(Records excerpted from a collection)

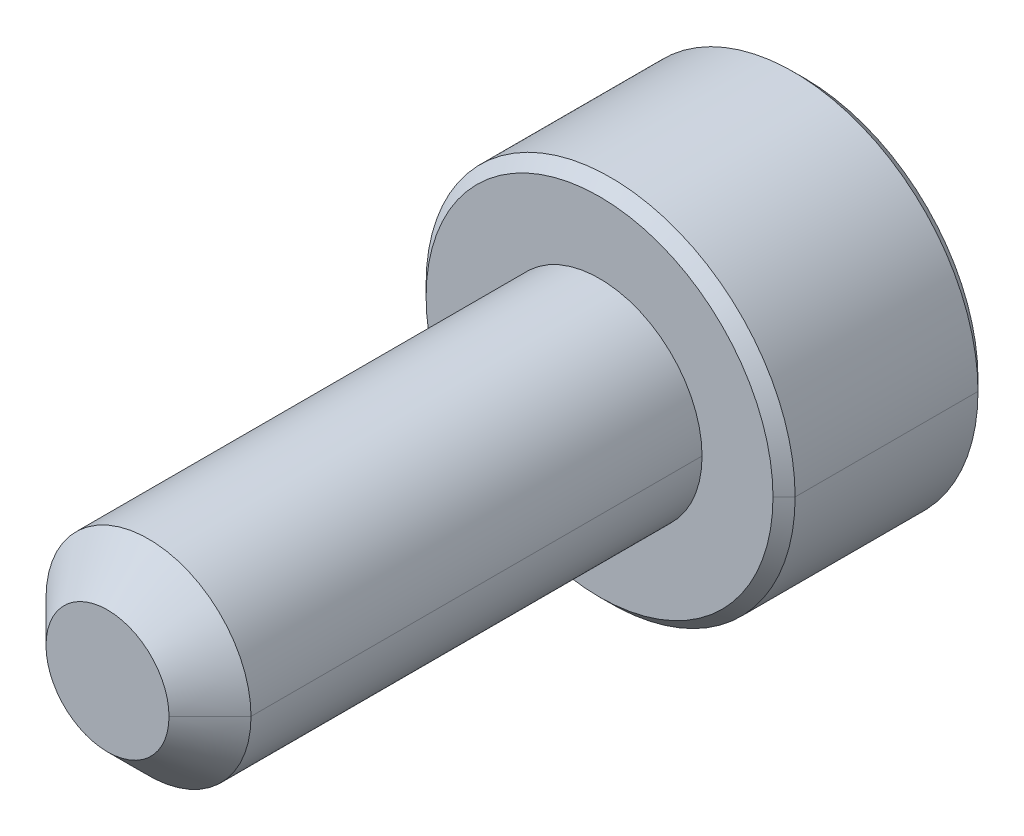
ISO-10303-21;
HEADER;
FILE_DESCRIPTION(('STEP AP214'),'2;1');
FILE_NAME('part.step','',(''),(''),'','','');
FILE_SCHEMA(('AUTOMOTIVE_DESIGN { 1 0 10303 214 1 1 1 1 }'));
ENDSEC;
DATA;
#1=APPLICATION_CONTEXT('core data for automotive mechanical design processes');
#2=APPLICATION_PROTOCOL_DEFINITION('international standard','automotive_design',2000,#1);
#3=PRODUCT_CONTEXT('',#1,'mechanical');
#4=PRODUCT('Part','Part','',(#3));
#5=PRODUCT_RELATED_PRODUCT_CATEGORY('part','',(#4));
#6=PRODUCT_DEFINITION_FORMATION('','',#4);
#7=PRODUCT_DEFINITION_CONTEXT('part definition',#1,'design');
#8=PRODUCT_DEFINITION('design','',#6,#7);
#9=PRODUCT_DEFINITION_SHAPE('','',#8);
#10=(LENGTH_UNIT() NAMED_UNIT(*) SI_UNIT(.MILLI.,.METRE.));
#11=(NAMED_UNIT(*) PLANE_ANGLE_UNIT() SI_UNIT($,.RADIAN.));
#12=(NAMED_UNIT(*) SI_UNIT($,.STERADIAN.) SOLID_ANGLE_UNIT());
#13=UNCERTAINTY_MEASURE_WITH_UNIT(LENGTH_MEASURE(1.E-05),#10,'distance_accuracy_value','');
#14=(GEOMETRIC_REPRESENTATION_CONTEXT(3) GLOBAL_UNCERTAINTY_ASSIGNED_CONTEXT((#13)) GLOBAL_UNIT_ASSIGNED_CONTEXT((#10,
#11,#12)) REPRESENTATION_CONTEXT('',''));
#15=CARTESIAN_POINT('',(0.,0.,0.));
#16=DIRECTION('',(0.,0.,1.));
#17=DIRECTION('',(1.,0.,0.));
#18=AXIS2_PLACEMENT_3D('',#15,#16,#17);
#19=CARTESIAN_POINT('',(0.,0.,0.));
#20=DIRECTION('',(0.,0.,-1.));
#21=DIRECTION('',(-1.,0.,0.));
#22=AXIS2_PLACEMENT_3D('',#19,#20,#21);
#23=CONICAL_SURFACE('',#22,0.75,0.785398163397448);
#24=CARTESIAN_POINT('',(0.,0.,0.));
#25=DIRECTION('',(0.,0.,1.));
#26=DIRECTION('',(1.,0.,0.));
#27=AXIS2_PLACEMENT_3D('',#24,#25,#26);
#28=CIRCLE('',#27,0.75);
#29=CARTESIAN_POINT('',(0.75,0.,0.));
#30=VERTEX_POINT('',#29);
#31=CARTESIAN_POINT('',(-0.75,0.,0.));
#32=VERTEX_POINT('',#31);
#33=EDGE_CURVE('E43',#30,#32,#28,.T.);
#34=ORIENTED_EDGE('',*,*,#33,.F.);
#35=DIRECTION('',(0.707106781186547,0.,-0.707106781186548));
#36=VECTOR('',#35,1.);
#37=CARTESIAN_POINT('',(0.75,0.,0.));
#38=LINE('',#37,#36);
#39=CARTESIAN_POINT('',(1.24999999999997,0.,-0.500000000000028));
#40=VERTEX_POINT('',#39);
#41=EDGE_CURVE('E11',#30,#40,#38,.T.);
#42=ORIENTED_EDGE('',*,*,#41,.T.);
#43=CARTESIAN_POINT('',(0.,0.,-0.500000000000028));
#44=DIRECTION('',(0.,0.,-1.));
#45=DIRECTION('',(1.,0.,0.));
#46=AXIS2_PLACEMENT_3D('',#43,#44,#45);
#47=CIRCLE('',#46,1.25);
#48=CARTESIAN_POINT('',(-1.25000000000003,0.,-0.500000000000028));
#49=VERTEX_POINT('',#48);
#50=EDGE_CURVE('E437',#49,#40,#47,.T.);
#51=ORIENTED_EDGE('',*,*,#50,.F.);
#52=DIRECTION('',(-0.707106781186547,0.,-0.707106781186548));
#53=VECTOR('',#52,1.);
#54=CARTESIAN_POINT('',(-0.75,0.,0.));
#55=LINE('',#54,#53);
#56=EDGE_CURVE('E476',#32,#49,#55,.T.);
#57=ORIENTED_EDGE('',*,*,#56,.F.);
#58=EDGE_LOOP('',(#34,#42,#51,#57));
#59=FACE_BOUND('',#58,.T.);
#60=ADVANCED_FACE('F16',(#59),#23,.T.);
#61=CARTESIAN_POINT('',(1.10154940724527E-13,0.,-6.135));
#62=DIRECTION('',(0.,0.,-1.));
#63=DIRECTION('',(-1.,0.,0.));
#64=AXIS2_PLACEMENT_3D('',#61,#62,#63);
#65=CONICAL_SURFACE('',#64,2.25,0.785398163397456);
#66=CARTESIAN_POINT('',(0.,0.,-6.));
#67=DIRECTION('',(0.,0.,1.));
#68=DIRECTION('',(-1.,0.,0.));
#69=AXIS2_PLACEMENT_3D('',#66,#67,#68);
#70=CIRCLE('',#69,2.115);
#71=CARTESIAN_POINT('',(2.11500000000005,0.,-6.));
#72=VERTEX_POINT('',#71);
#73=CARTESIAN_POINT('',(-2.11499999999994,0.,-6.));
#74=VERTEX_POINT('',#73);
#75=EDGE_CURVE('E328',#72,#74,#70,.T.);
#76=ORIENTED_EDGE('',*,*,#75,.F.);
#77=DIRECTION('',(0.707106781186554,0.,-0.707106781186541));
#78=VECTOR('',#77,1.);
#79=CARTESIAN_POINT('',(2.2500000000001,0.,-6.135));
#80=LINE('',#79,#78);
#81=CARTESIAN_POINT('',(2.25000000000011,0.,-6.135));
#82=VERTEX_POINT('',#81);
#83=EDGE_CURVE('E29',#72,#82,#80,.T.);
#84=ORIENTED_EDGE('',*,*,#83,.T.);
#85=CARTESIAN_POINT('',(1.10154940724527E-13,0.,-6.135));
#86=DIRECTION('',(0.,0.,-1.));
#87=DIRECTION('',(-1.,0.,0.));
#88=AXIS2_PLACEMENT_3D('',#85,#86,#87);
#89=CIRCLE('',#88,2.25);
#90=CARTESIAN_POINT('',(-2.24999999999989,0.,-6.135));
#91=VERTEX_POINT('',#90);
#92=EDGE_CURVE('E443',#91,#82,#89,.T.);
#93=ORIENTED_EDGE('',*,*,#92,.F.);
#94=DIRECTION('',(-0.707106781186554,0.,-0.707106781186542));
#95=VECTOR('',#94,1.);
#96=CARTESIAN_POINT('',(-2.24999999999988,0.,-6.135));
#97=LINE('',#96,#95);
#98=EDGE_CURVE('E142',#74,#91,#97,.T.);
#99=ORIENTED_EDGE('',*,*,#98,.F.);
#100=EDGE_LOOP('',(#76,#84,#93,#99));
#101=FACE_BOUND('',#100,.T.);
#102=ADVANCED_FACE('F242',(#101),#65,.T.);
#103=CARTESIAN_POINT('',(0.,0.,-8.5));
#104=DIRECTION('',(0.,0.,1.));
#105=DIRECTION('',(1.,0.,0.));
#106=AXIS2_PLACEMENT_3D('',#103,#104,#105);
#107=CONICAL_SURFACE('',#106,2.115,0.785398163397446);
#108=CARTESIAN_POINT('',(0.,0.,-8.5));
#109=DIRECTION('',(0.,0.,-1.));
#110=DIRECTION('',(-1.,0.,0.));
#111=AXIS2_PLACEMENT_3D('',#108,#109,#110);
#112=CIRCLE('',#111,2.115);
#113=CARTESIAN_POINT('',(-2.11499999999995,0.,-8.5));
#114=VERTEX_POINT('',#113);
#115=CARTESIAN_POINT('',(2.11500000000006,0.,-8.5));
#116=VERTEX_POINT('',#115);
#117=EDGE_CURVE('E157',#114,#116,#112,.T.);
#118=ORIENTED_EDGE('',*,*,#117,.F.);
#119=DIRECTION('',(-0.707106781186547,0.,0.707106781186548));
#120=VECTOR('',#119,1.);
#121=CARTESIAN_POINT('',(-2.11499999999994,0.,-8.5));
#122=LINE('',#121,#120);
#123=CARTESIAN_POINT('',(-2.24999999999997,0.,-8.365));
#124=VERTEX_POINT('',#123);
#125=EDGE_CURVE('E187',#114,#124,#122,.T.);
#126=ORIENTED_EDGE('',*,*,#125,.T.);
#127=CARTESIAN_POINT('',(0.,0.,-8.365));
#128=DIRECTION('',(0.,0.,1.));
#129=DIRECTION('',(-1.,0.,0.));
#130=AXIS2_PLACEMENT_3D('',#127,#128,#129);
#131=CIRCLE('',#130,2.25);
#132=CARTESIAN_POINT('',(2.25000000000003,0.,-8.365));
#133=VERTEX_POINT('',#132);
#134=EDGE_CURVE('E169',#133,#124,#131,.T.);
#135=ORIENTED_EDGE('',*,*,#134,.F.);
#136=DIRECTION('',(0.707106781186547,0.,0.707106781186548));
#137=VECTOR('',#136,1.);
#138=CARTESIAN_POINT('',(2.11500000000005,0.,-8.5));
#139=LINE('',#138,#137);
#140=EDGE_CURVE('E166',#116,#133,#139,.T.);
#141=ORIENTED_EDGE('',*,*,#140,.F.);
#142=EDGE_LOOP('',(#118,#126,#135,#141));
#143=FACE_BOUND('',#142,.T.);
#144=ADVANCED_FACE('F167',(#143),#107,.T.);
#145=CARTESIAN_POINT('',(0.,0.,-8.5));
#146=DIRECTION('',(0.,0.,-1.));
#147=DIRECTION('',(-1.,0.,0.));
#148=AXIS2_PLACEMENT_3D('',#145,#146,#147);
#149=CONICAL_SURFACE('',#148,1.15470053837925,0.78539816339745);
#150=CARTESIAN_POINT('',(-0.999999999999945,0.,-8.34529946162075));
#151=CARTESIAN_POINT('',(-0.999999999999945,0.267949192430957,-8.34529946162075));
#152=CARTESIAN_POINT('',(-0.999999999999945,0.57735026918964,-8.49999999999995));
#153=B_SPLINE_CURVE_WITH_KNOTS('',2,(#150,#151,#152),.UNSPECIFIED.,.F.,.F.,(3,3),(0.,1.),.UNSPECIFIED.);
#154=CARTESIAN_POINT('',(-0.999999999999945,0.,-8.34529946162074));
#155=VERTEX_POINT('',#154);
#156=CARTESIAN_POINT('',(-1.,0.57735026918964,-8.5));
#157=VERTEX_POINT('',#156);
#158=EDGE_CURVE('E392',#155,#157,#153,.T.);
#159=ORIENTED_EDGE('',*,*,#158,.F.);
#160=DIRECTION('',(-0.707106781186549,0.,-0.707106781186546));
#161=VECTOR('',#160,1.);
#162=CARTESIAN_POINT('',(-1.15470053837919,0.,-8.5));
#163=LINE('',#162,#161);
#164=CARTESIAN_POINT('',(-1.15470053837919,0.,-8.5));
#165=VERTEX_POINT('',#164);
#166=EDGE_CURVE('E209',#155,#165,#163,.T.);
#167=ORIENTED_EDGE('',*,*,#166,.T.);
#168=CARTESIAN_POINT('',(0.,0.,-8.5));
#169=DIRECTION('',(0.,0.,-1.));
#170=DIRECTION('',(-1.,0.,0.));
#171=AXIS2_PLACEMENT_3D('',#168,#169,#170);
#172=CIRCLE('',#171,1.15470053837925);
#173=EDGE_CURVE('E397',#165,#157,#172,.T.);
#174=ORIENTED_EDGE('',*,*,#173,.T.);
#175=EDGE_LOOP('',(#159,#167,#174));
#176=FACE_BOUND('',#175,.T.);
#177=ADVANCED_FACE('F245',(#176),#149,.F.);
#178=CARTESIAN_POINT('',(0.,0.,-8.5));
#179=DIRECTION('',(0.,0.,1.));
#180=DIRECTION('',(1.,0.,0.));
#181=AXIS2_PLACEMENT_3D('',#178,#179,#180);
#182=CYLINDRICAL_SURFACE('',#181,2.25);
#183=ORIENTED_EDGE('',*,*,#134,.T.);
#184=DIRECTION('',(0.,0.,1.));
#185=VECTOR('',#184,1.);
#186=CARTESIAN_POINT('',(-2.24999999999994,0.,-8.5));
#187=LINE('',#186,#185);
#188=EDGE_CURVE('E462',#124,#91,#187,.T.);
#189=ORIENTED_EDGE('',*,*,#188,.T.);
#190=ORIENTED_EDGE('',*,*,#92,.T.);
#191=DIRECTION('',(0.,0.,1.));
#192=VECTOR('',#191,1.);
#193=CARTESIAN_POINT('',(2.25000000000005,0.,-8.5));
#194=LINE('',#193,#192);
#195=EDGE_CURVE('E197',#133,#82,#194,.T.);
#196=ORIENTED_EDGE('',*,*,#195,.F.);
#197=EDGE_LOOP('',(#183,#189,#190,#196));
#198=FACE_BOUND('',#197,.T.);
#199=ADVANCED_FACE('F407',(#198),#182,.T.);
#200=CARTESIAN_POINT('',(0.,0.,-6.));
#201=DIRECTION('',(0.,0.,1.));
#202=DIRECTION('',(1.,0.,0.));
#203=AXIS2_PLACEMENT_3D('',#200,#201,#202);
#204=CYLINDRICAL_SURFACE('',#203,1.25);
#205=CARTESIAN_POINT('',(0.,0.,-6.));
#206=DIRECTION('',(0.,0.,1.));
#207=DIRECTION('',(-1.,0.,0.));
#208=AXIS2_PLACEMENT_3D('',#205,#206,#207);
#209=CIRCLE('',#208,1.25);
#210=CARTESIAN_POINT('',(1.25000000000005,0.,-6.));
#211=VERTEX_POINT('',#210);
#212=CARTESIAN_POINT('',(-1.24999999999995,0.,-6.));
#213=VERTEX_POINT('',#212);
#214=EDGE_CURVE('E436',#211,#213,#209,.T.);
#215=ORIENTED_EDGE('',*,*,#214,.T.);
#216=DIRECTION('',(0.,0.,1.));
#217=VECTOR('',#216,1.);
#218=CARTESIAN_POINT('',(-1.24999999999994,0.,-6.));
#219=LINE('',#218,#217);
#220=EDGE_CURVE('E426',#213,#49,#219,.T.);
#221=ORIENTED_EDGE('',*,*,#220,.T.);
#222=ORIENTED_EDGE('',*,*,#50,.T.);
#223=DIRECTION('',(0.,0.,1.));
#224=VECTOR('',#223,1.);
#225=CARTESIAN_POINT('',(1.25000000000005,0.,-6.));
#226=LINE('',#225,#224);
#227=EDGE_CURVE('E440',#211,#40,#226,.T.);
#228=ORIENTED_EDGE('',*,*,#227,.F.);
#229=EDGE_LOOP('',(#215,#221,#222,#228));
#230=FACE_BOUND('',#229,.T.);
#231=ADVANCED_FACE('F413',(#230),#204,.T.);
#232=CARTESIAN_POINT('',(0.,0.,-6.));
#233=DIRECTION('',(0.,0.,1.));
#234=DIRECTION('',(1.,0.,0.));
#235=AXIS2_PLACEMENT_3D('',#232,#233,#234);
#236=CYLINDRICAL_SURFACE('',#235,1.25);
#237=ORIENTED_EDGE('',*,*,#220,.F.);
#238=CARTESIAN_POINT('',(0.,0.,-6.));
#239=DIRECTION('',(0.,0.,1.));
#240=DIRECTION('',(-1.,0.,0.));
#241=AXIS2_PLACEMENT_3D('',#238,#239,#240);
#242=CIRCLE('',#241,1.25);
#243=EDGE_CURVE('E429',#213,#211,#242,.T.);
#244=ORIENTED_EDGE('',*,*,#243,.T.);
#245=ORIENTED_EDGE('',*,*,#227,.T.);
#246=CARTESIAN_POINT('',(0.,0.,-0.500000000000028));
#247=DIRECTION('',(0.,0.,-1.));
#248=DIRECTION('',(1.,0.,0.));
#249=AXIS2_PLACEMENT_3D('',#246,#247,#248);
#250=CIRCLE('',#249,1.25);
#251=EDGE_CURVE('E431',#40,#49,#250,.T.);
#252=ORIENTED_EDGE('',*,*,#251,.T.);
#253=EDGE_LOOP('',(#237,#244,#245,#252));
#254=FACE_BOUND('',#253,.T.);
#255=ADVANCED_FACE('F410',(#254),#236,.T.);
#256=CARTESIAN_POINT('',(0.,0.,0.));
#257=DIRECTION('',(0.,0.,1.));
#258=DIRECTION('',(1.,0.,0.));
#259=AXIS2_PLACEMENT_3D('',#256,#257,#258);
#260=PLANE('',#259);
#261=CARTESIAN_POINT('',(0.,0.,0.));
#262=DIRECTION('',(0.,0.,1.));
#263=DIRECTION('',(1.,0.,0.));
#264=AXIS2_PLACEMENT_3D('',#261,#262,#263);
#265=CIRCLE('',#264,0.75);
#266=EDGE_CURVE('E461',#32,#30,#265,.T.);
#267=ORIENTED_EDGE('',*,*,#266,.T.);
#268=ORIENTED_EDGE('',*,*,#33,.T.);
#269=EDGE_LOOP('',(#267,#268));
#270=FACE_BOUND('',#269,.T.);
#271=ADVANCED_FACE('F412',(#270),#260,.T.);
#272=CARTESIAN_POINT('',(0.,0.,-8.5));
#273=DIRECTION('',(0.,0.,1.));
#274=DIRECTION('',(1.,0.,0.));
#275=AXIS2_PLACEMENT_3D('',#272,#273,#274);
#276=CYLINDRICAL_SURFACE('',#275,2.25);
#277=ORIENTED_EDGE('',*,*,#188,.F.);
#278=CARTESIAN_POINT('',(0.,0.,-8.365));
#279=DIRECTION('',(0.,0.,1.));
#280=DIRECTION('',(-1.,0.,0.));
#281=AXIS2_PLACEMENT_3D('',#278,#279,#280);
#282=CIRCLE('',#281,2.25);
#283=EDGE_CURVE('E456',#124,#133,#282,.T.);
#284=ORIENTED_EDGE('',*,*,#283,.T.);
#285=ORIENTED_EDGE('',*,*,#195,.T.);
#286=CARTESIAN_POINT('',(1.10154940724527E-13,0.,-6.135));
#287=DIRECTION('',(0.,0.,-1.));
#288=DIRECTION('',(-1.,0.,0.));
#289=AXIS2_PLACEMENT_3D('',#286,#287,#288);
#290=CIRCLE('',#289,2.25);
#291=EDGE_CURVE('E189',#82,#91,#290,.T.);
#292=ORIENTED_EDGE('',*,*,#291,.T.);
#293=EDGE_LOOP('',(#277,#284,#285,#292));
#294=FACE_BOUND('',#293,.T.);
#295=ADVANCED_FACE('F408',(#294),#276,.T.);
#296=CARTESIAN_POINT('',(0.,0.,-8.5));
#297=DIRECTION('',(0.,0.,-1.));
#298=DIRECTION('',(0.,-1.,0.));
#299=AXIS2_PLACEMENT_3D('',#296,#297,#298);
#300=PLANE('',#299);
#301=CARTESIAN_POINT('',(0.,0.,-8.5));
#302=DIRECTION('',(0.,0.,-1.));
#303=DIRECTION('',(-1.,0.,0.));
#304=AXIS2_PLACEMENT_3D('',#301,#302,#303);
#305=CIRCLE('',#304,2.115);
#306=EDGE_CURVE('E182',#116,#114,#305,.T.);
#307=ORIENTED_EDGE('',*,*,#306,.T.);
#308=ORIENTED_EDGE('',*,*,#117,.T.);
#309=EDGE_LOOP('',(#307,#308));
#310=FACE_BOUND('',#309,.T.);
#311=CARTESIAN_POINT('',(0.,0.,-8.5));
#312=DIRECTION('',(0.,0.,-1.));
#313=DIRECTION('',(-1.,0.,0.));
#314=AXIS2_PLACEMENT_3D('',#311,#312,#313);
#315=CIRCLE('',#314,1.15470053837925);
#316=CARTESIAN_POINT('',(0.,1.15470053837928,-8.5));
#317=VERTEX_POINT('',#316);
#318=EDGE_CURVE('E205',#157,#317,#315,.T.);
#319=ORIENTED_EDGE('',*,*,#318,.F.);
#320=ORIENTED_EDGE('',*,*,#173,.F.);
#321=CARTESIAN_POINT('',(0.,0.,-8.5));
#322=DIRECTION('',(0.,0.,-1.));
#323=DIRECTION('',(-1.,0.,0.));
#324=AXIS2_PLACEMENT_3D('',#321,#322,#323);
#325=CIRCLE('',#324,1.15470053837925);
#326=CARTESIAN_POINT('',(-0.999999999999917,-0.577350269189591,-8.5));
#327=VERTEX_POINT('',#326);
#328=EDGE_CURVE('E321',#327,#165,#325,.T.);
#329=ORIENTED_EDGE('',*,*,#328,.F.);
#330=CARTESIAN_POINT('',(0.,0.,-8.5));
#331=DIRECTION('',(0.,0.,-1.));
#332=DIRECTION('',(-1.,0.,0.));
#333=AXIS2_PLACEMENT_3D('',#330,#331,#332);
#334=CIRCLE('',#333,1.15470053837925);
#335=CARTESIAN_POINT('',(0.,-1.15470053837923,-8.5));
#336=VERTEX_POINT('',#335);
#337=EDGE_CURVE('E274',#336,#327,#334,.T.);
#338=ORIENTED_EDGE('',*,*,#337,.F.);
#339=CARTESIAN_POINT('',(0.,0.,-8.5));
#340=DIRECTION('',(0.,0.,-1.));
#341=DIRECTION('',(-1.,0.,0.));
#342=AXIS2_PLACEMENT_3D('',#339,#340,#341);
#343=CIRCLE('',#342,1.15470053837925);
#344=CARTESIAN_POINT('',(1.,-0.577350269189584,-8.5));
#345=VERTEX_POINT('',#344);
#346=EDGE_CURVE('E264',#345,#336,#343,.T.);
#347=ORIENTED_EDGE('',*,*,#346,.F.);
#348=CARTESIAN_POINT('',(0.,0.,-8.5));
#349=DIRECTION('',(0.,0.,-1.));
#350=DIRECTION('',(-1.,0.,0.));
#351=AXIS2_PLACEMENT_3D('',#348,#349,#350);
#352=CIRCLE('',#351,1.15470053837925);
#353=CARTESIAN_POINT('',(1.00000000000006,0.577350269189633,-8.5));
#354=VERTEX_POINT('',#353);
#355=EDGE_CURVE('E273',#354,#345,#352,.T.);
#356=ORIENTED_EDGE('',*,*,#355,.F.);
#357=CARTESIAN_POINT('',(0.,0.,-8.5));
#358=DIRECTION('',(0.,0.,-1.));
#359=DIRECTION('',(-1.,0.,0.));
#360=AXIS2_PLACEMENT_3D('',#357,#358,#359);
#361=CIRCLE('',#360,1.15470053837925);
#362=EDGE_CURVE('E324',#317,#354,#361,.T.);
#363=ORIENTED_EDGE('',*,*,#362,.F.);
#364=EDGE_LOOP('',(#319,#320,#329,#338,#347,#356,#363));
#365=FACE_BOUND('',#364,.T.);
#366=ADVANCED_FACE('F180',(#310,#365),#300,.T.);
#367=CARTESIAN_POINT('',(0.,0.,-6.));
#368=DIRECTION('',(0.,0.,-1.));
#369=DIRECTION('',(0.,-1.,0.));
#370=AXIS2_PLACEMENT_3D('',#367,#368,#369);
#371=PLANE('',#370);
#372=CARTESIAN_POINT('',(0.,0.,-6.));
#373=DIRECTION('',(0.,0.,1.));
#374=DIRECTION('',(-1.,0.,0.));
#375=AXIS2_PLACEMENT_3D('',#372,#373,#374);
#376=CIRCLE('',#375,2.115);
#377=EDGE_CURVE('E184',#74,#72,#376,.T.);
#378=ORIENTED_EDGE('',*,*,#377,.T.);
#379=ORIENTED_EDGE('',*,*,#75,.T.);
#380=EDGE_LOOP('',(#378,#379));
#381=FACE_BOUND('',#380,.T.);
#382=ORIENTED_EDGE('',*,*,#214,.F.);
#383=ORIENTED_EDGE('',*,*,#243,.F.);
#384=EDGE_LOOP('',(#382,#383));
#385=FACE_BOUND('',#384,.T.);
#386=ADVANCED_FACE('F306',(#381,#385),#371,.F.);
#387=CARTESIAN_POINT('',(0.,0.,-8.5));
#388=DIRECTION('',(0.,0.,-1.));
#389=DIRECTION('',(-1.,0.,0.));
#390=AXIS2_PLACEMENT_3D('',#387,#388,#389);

## AIM OF THE EXERCISE
Retype only the lines above between the line with "#140=EDGE_CURVE('E166',#116,#133,#139,.T.);" and the line with "#145=CARTESIAN_POINT('',(0.,0.,-8.5));", counting those two lines as well, and keep every character as it is.

## ANSWER TO THE PROBLEM
#140=EDGE_CURVE('E166',#116,#133,#139,.T.);
#141=ORIENTED_EDGE('',*,*,#140,.F.);
#142=EDGE_LOOP('',(#118,#126,#135,#141));
#143=FACE_BOUND('',#142,.T.);
#144=ADVANCED_FACE('F167',(#143),#107,.T.);
#145=CARTESIAN_POINT('',(0.,0.,-8.5));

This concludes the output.